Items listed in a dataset
####################

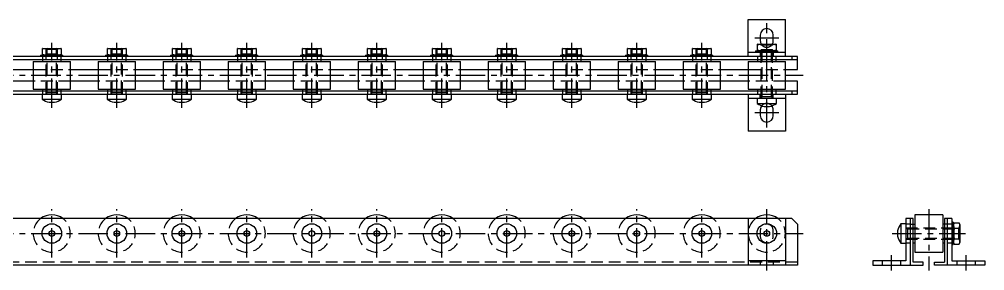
# Model space of a CAD drawing. Extents: x -3 to 1044, y -8 to 142.
# Drawn here: x 524 to 1044, y 7 to 142 of the extents above; entities that cross this region are included whole.
import ezdxf

# ---------------------------------------------------------------- set-up
doc = ezdxf.new("R2010")
doc.units = 0
doc.header["$LTSCALE"] = 0.5
doc.linetypes.add('CENTER', pattern=[50.8, 31.75, -6.35, 6.35, -6.35])
doc.linetypes.add('DASHED', pattern=[19.05, 12.7, -6.35])
for name, color, linetype in [('MSM_CENTER', 1, 'CENTER'), ('MSM_CONTINUOUS', 7, 'CONTINUOUS'), ('MSM_DASHED', 4, 'DASHED')]:
    doc.layers.add(name, color=color, linetype=linetype)

msp = doc.modelspace()

# ---------------------------------------------------------------- linework, layer by layer
at = {"layer": 'MSM_CENTER'}
for p, q in [((926.5, 83.91), (926.5, 140.11)), ((920, 132.11), (933, 132.11)), ((541.5, 94.51), (541.5, 129.51)), ((576.5, 94.51), (576.5, 129.51)), ((611.5, 94.51), (611.5, 129.51)), ((646.5, 94.51), (646.5, 129.51)), ((681.5, 94.51), (681.5, 129.51)), ((716.5, 94.51), (716.5, 129.51)), ((751.5, 94.51), (751.5, 129.51)), ((786.5, 94.51), (786.5, 129.51)), ((821.5, 94.51), (821.5, 129.51)), ((856.5, 94.51), (856.5, 129.51)), ((891.5, 94.51), (891.5, 129.51)), ((-3, 112.01), (946, 112.01)), ((933, 91.91), (920, 91.91)), ((541.5, 14), (541.5, 40)), ((576.5, 14), (576.5, 40)), ((611.5, 14), (611.5, 40)), ((646.5, 14), (646.5, 40)), ((681.5, 14), (681.5, 40)), ((716.5, 14), (716.5, 40)), ((751.5, 14), (751.5, 40)), ((786.5, 14), (786.5, 40)), ((821.5, 14), (821.5, 40)), ((856.5, 14), (856.5, 40)), ((891.5, 14), (891.5, 40)), ((926.5, 7), (926.5, 40)), ((1013.74, 40), (1013.74, 7)), ((-3, 27), (946, 27)), ((993.94, 27), (1033.54, 27)), ((993.64, 7), (993.64, 15.3)), ((1033.84, 7), (1033.84, 15.3))]:
    msp.add_line(p, q, dxfattribs=at)
at = {"layer": 'MSM_CONTINUOUS'}
for p, q in [((916.5, 122.11), (916.5, 142.11)), ((916.5, 142.11), (936.5, 142.11)), ((936.5, 122.11), (936.5, 142.11)), ((923, 133.61), (923, 130.61)), ((930, 130.61), (930, 133.61)), ((536.6, 126.51), (536.5, 126.45)), ((536.5, 122.97), (536.5, 126.45)), ((536.6, 126.51), (546.4, 126.51)), ((541.5, 123.42), (541.5, 126.01)), ((546.5, 126.45), (546.4, 126.51)), ((546.5, 126.45), (546.5, 122.97)), ((571.6, 126.51), (571.5, 126.45)), ((571.5, 122.97), (571.5, 126.45)), ((571.6, 126.51), (581.4, 126.51)), ((576.5, 123.42), (576.5, 126.01)), ((581.5, 126.45), (581.4, 126.51)), ((581.5, 126.45), (581.5, 122.97)), ((606.6, 126.51), (606.5, 126.45)), ((606.5, 122.97), (606.5, 126.45)), ((606.6, 126.51), (616.4, 126.51)), ((611.5, 123.42), (611.5, 126.01)), ((616.5, 126.45), (616.4, 126.51)), ((616.5, 126.45), (616.5, 122.97)), ((641.6, 126.51), (641.5, 126.45)), ((641.5, 122.97), (641.5, 126.45)), ((641.6, 126.51), (651.4, 126.51)), ((646.5, 123.42), (646.5, 126.01)), ((651.5, 126.45), (651.4, 126.51)), ((651.5, 126.45), (651.5, 122.97)), ((676.6, 126.51), (676.5, 126.45)), ((676.5, 122.97), (676.5, 126.45)), ((676.6, 126.51), (686.4, 126.51)), ((681.5, 123.42), (681.5, 126.01)), ((686.5, 126.45), (686.4, 126.51)), ((686.5, 126.45), (686.5, 122.97)), ((711.6, 126.51), (711.5, 126.45)), ((711.5, 122.97), (711.5, 126.45)), ((711.6, 126.51), (721.4, 126.51)), ((716.5, 123.42), (716.5, 126.01)), ((721.5, 126.45), (721.4, 126.51)), ((721.5, 126.45), (721.5, 122.97)), ((746.6, 126.51), (746.5, 126.45)), ((746.5, 122.97), (746.5, 126.45)), ((746.6, 126.51), (756.4, 126.51)), ((751.5, 123.42), (751.5, 126.01)), ((756.5, 126.45), (756.4, 126.51)), ((756.5, 126.45), (756.5, 122.97)), ((781.6, 126.51), (781.5, 126.45)), ((781.5, 122.97), (781.5, 126.45)), ((781.6, 126.51), (791.4, 126.51)), ((786.5, 123.42), (786.5, 126.01)), ((791.5, 126.45), (791.4, 126.51)), ((791.5, 126.45), (791.5, 122.97)), ((816.6, 126.51), (816.5, 126.45)), ((816.5, 122.97), (816.5, 126.45)), ((816.6, 126.51), (826.4, 126.51)), ((821.5, 123.42), (821.5, 126.01)), ((826.5, 126.45), (826.4, 126.51)), ((826.5, 126.45), (826.5, 122.97)), ((851.6, 126.51), (851.5, 126.45)), ((851.5, 122.97), (851.5, 126.45)), ((851.6, 126.51), (861.4, 126.51)), ((856.5, 123.42), (856.5, 126.01)), ((861.5, 126.45), (861.4, 126.51)), ((861.5, 126.45), (861.5, 122.97)), ((886.6, 126.51), (886.5, 126.45)), ((886.5, 122.97), (886.5, 126.45)), ((886.6, 126.51), (896.4, 126.51)), ((891.5, 123.42), (891.5, 126.01)), ((896.5, 126.45), (896.4, 126.51)), ((896.5, 126.45), (896.5, 122.97)), ((920.5, 125.21), (920.5, 124.41)), ((920.5, 125.21), (932.5, 125.21)), ((921.6, 128.81), (921.5, 128.75)), ((921.5, 125.27), (921.5, 128.75)), ((921.5, 125.27), (921.6, 125.21)), ((921.6, 128.81), (931.4, 128.81)), ((926.5, 125.72), (926.5, 128.31)), ((931.5, 128.75), (931.4, 128.81)), ((931.4, 125.21), (931.5, 125.27)), ((931.5, 128.75), (931.5, 125.27)), ((932.5, 124.41), (932.5, 125.21)), ((943, 122.11), (0, 122.11)), ((0, 120.51), (943, 120.51)), ((535.5, 122.91), (535.5, 122.11)), ((535.5, 122.91), (547.5, 122.91)), ((536.5, 122.97), (536.6, 122.91)), ((536.5, 120.51), (536.5, 119.51)), ((546.4, 122.91), (546.5, 122.97)), ((546.5, 119.51), (546.5, 120.51)), ((547.5, 122.11), (547.5, 122.91)), ((570.5, 122.91), (570.5, 122.11)), ((570.5, 122.91), (582.5, 122.91)), ((571.5, 122.97), (571.6, 122.91)), ((571.5, 120.51), (571.5, 119.51)), ((581.4, 122.91), (581.5, 122.97)), ((581.5, 119.51), (581.5, 120.51)), ((582.5, 122.11), (582.5, 122.91)), ((605.5, 122.91), (605.5, 122.11)), ((605.5, 122.91), (617.5, 122.91)), ((606.5, 122.97), (606.6, 122.91)), ((606.5, 120.51), (606.5, 119.51)), ((616.4, 122.91), (616.5, 122.97)), ((616.5, 119.51), (616.5, 120.51)), ((617.5, 122.11), (617.5, 122.91)), ((640.5, 122.91), (640.5, 122.11)), ((640.5, 122.91), (652.5, 122.91)), ((641.5, 122.97), (641.6, 122.91)), ((641.5, 120.51), (641.5, 119.51)), ((651.4, 122.91), (651.5, 122.97)), ((651.5, 119.51), (651.5, 120.51)), ((652.5, 122.11), (652.5, 122.91)), ((675.5, 122.91), (675.5, 122.11)), ((675.5, 122.91), (687.5, 122.91)), ((676.5, 122.97), (676.6, 122.91)), ((676.5, 120.51), (676.5, 119.51)), ((686.4, 122.91), (686.5, 122.97)), ((686.5, 119.51), (686.5, 120.51)), ((687.5, 122.11), (687.5, 122.91)), ((710.5, 122.91), (710.5, 122.11)), ((710.5, 122.91), (722.5, 122.91)), ((711.5, 122.97), (711.6, 122.91)), ((711.5, 120.51), (711.5, 119.51)), ((721.4, 122.91), (721.5, 122.97)), ((721.5, 119.51), (721.5, 120.51)), ((722.5, 122.11), (722.5, 122.91)), ((745.5, 122.91), (745.5, 122.11)), ((745.5, 122.91), (757.5, 122.91)), ((746.5, 122.97), (746.6, 122.91)), ((746.5, 120.51), (746.5, 119.51)), ((756.4, 122.91), (756.5, 122.97)), ((756.5, 119.51), (756.5, 120.51)), ((757.5, 122.11), (757.5, 122.91)), ((780.5, 122.91), (780.5, 122.11)), ((780.5, 122.91), (792.5, 122.91)), ((781.5, 122.97), (781.6, 122.91)), ((781.5, 120.51), (781.5, 119.51)), ((791.4, 122.91), (791.5, 122.97)), ((791.5, 119.51), (791.5, 120.51)), ((792.5, 122.11), (792.5, 122.91)), ((815.5, 122.91), (815.5, 122.11)), ((815.5, 122.91), (827.5, 122.91)), ((816.5, 122.97), (816.6, 122.91)), ((816.5, 120.51), (816.5, 119.51)), ((826.4, 122.91), (826.5, 122.97)), ((826.5, 119.51), (826.5, 120.51)), ((827.5, 122.11), (827.5, 122.91)), ((850.5, 122.91), (850.5, 122.11)), ((850.5, 122.91), (862.5, 122.91)), ((851.5, 122.97), (851.6, 122.91)), ((851.5, 120.51), (851.5, 119.51)), ((861.4, 122.91), (861.5, 122.97)), ((861.5, 119.51), (861.5, 120.51)), ((862.5, 122.11), (862.5, 122.91)), ((885.5, 122.91), (885.5, 122.11)), ((885.5, 122.91), (897.5, 122.91)), ((886.5, 122.97), (886.6, 122.91)), ((886.5, 120.51), (886.5, 119.51)), ((896.4, 122.91), (896.5, 122.97)), ((896.5, 119.51), (896.5, 120.51)), ((897.5, 122.11), (897.5, 122.91)), ((916.5, 124.41), (936.5, 124.41)), ((921.5, 120.51), (921.5, 119.51)), ((931.5, 119.51), (931.5, 120.51)), ((940, 122.11), (940, 120.51)), ((943, 115.11), (943, 122.11)), ((516.5, 115.11), (531.5, 115.11)), ((531.5, 119.51), (531.5, 104.51)), ((531.5, 119.51), (551.5, 119.51)), ((551.5, 104.51), (551.5, 119.51)), ((551.5, 115.11), (566.5, 115.11)), ((566.5, 119.51), (566.5, 104.51)), ((566.5, 119.51), (586.5, 119.51)), ((586.5, 104.51), (586.5, 119.51)), ((586.5, 115.11), (601.5, 115.11)), ((601.5, 119.51), (601.5, 104.51)), ((601.5, 119.51), (621.5, 119.51)), ((621.5, 104.51), (621.5, 119.51)), ((621.5, 115.11), (636.5, 115.11)), ((636.5, 119.51), (636.5, 104.51)), ((636.5, 119.51), (656.5, 119.51)), ((656.5, 104.51), (656.5, 119.51)), ((656.5, 115.11), (671.5, 115.11)), ((671.5, 119.51), (671.5, 104.51)), ((671.5, 119.51), (691.5, 119.51)), ((691.5, 104.51), (691.5, 119.51)), ((691.5, 115.11), (706.5, 115.11)), ((706.5, 119.51), (706.5, 104.51)), ((706.5, 119.51), (726.5, 119.51)), ((726.5, 104.51), (726.5, 119.51)), ((726.5, 115.11), (741.5, 115.11)), ((741.5, 119.51), (741.5, 104.51)), ((741.5, 119.51), (761.5, 119.51)), ((761.5, 104.51), (761.5, 119.51)), ((761.5, 115.11), (776.5, 115.11)), ((776.5, 119.51), (776.5, 104.51)), ((776.5, 119.51), (796.5, 119.51)), ((796.5, 104.51), (796.5, 119.51)), ((796.5, 115.11), (811.5, 115.11)), ((811.5, 119.51), (811.5, 104.51)), ((811.5, 119.51), (831.5, 119.51)), ((831.5, 104.51), (831.5, 119.51)), ((831.5, 115.11), (846.5, 115.11)), ((846.5, 119.51), (846.5, 104.51)), ((846.5, 119.51), (866.5, 119.51)), ((866.5, 104.51), (866.5, 119.51)), ((866.5, 115.11), (881.5, 115.11)), ((881.5, 119.51), (881.5, 104.51)), ((881.5, 119.51), (901.5, 119.51)), ((901.5, 104.51), (901.5, 119.51)), ((901.5, 115.11), (916.5, 115.11)), ((916.5, 119.51), (916.5, 104.51)), ((916.5, 119.51), (936.5, 119.51)), ((936.5, 104.51), (936.5, 119.51)), ((936.5, 115.11), (943, 115.11)), ((531.5, 108.91), (516.5, 108.91)), ((531.5, 104.51), (551.5, 104.51)), ((536.5, 104.51), (536.5, 103.51)), ((546.5, 103.51), (546.5, 104.51)), ((566.5, 108.91), (551.5, 108.91)), ((566.5, 104.51), (586.5, 104.51)), ((571.5, 104.51), (571.5, 103.51)), ((581.5, 103.51), (581.5, 104.51)), ((601.5, 108.91), (586.5, 108.91)), ((601.5, 104.51), (621.5, 104.51)), ((606.5, 104.51), (606.5, 103.51)), ((616.5, 103.51), (616.5, 104.51)), ((636.5, 108.91), (621.5, 108.91)), ((636.5, 104.51), (656.5, 104.51)), ((641.5, 104.51), (641.5, 103.51)), ((651.5, 103.51), (651.5, 104.51)), ((671.5, 108.91), (656.5, 108.91)), ((671.5, 104.51), (691.5, 104.51)), ((676.5, 104.51), (676.5, 103.51)), ((686.5, 103.51), (686.5, 104.51)), ((706.5, 108.91), (691.5, 108.91)), ((706.5, 104.51), (726.5, 104.51)), ((711.5, 104.51), (711.5, 103.51)), ((721.5, 103.51), (721.5, 104.51)), ((741.5, 108.91), (726.5, 108.91)), ((741.5, 104.51), (761.5, 104.51)), ((746.5, 104.51), (746.5, 103.51)), ((756.5, 103.51), (756.5, 104.51)), ((776.5, 108.91), (761.5, 108.91)), ((776.5, 104.51), (796.5, 104.51)), ((781.5, 104.51), (781.5, 103.51)), ((791.5, 103.51), (791.5, 104.51)), ((811.5, 108.91), (796.5, 108.91)), ((811.5, 104.51), (831.5, 104.51)), ((816.5, 104.51), (816.5, 103.51)), ((826.5, 103.51), (826.5, 104.51)), ((846.5, 108.91), (831.5, 108.91)), ((846.5, 104.51), (866.5, 104.51)), ((851.5, 104.51), (851.5, 103.51)), ((861.5, 103.51), (861.5, 104.51)), ((881.5, 108.91), (866.5, 108.91)), ((881.5, 104.51), (901.5, 104.51)), ((886.5, 104.51), (886.5, 103.51)), ((896.5, 103.51), (896.5, 104.51)), ((916.5, 108.91), (901.5, 108.91)), ((916.5, 104.51), (936.5, 104.51)), ((921.5, 104.51), (921.5, 103.51)), ((931.5, 103.51), (931.5, 104.51)), ((943, 108.91), (936.5, 108.91)), ((943, 101.91), (943, 108.91)), ((943, 103.51), (0, 103.51)), ((0, 101.91), (943, 101.91)), ((536.25, 101.91), (536.25, 99.2)), ((536.25, 99.2), (546.75, 99.2)), ((546.75, 99.2), (546.75, 101.91)), ((571.25, 101.91), (571.25, 99.2)), ((571.25, 99.2), (581.75, 99.2)), ((581.75, 99.2), (581.75, 101.91)), ((606.25, 101.91), (606.25, 99.2)), ((606.25, 99.2), (616.75, 99.2)), ((616.75, 99.2), (616.75, 101.91)), ((641.25, 101.91), (641.25, 99.2)), ((641.25, 99.2), (651.75, 99.2)), ((651.75, 99.2), (651.75, 101.91)), ((676.25, 101.91), (676.25, 99.2)), ((676.25, 99.2), (686.75, 99.2)), ((686.75, 99.2), (686.75, 101.91)), ((711.25, 101.91), (711.25, 99.2)), ((711.25, 99.2), (721.75, 99.2)), ((721.75, 99.2), (721.75, 101.91)), ((746.25, 101.91), (746.25, 99.2)), ((746.25, 99.2), (756.75, 99.2)), ((756.75, 99.2), (756.75, 101.91)), ((781.25, 101.91), (781.25, 99.2)), ((781.25, 99.2), (791.75, 99.2)), ((791.75, 99.2), (791.75, 101.91)), ((816.25, 101.91), (816.25, 99.2)), ((816.25, 99.2), (826.75, 99.2)), ((826.75, 99.2), (826.75, 101.91)), ((851.25, 101.91), (851.25, 99.2)), ((851.25, 99.2), (861.75, 99.2)), ((861.75, 99.2), (861.75, 101.91)), ((886.25, 101.91), (886.25, 99.2)), ((886.25, 99.2), (896.75, 99.2)), ((896.75, 99.2), (896.75, 101.91)), ((916.5, 101.91), (916.5, 81.91)), ((936.5, 99.61), (916.5, 99.61)), ((921.25, 99.61), (921.25, 96.9)), ((931.75, 96.9), (931.75, 99.61)), ((936.5, 101.91), (936.5, 81.91)), ((940, 103.51), (940, 101.91)), ((540.01, 97.51), (542.99, 97.51)), ((575.01, 97.51), (577.99, 97.51)), ((610.01, 97.51), (612.99, 97.51)), ((645.01, 97.51), (647.99, 97.51)), ((680.01, 97.51), (682.99, 97.51)), ((715.01, 97.51), (717.99, 97.51)), ((750.01, 97.51), (752.99, 97.51)), ((785.01, 97.51), (787.99, 97.51)), ((820.01, 97.51), (822.99, 97.51)), ((855.01, 97.51), (857.99, 97.51)), ((890.01, 97.51), (892.99, 97.51)), ((921.25, 96.9), (931.75, 96.9)), ((925.01, 95.21), (927.99, 95.21)), ((923, 93.41), (923, 90.41)), ((930, 90.41), (930, 93.41)), ((936.5, 81.91), (916.5, 81.91)), ((1006.24, 37), (1006.24, 17)), ((1021.24, 37), (1006.24, 37)), ((1021.24, 37), (1021.24, 17)), ((940, 35), (3, 35)), ((916.5, 35), (916.5, 10)), ((936.5, 35), (936.5, 10)), ((940, 35), (943, 32)), ((943, 32), (943, 10)), ((998.63, 32.25), (998.63, 21.75)), ((1001.34, 32.25), (998.63, 32.25)), ((1005.24, 35), (1001.34, 35)), ((1001.34, 35), (1001.34, 12.3)), ((1003.64, 35), (1003.64, 10)), ((1003.64, 32), (1006.24, 32)), ((1005.24, 11.6), (1005.24, 35)), ((1023.84, 32), (1021.24, 32)), ((1022.24, 35), (1022.24, 11.6)), ((1026.14, 35), (1022.24, 35)), ((1023.84, 10), (1023.84, 35)), ((1026.14, 35), (1026.14, 12.3)), ((1026.94, 33), (1026.14, 33)), ((1026.94, 33), (1026.94, 21)), ((1027.44, 32.77), (1026.94, 31.9)), ((1027.44, 32.77), (1030.03, 32.77)), ((1030.54, 31.9), (1030.03, 32.77)), ((1030.54, 31.9), (1030.54, 22.1)), ((996.94, 28.49), (996.94, 25.51)), ((1027.44, 29.89), (1030.03, 29.89)), ((998.63, 21.75), (1001.34, 21.75)), ((1005.24, 22), (1006.24, 22)), ((1021.24, 22), (1022.24, 22)), ((1026.14, 21), (1026.94, 21)), ((1026.94, 22.1), (1027.44, 21.23)), ((1027.44, 24.11), (1030.03, 24.11)), ((1027.44, 21.23), (1030.03, 21.23)), ((1030.03, 21.23), (1030.54, 22.1)), ((1006.24, 17), (1021.24, 17)), ((936.5, 12.3), (916.5, 12.3)), ((1001.34, 12.3), (983.64, 12.3)), ((983.64, 12.3), (983.64, 10)), ((1010.64, 11.6), (1005.24, 11.6)), ((1010.64, 10), (1010.64, 11.6)), ((1016.84, 11.6), (1022.24, 11.6)), ((1016.84, 10), (1016.84, 11.6)), ((1026.14, 12.3), (1043.84, 12.3)), ((1043.84, 12.3), (1043.84, 10)), ((943, 10), (0, 10)), ((983.64, 10), (1010.64, 10)), ((1043.84, 10), (1016.84, 10))]:
    msp.add_line(p, q, dxfattribs=at)
for centre, radius in [((541.5, 27), 5.25), ((576.5, 27), 5.25), ((611.5, 27), 5.25), ((646.5, 27), 5.25), ((681.5, 27), 5.25), ((716.5, 27), 5.25), ((751.5, 27), 5.25), ((786.5, 27), 5.25), ((821.5, 27), 5.25), ((856.5, 27), 5.25), ((891.5, 27), 5.25), ((926.5, 27), 5.25), ((541.5, 27), 1.49), ((576.5, 27), 1.49), ((611.5, 27), 1.49), ((646.5, 27), 1.49), ((681.5, 27), 1.49), ((716.5, 27), 1.49), ((751.5, 27), 1.49), ((786.5, 27), 1.49), ((821.5, 27), 1.49), ((856.5, 27), 1.49), ((891.5, 27), 1.49), ((926.5, 27), 1.49)]:
    msp.add_circle(centre, radius, dxfattribs=at)
for centre, radius, start, end in [((926.5, 133.61), 3.5, 0, 180), ((926.5, 130.61), 3.5, 180, 210.9497), ((926.5, 130.61), 3.5, 329.0503, 0), ((539, 119.08), 7.37, 70.1592, 109.8408), ((544, 119.08), 7.37, 70.1592, 109.8408), ((574, 119.08), 7.37, 70.1592, 109.8408), ((579, 119.08), 7.37, 70.1592, 109.8408), ((609, 119.08), 7.37, 70.1592, 109.8408), ((614, 119.08), 7.37, 70.1592, 109.8408), ((644, 119.08), 7.37, 70.1592, 109.8408), ((649, 119.08), 7.37, 70.1592, 109.8408), ((679, 119.08), 7.37, 70.1592, 109.8408), ((684, 119.08), 7.37, 70.1592, 109.8408), ((714, 119.08), 7.37, 70.1592, 109.8408), ((719, 119.08), 7.37, 70.1592, 109.8408), ((749, 119.08), 7.37, 70.1592, 109.8408), ((754, 119.08), 7.37, 70.1592, 109.8408), ((784, 119.08), 7.37, 70.1592, 109.8408), ((789, 119.08), 7.37, 70.1592, 109.8408), ((819, 119.08), 7.37, 70.1592, 109.8408), ((824, 119.08), 7.37, 70.1592, 109.8408), ((854, 119.08), 7.37, 70.1592, 109.8408), ((859, 119.08), 7.37, 70.1592, 109.8408), ((889, 119.08), 7.37, 70.1592, 109.8408), ((894, 119.08), 7.37, 70.1592, 109.8408), ((924, 121.38), 7.37, 70.1592, 109.8408), ((924, 132.64), 7.37, 250.1592, 289.8408), ((929, 121.38), 7.37, 70.1592, 109.8408), ((929, 132.64), 7.37, 250.1592, 289.8408), ((539, 130.34), 7.37, 250.1592, 289.8408), ((544, 130.34), 7.37, 250.1592, 289.8408), ((574, 130.34), 7.37, 250.1592, 289.8408), ((579, 130.34), 7.37, 250.1592, 289.8408), ((609, 130.34), 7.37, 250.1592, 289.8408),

####################

Problem details: From the records, copy out each line that includes the string "pattern".

Answer space:
doc.linetypes.add('CENTER', pattern=[50.8, 31.75, -6.35, 6.35, -6.35])
doc.linetypes.add('DASHED', pattern=[19.05, 12.7, -6.35])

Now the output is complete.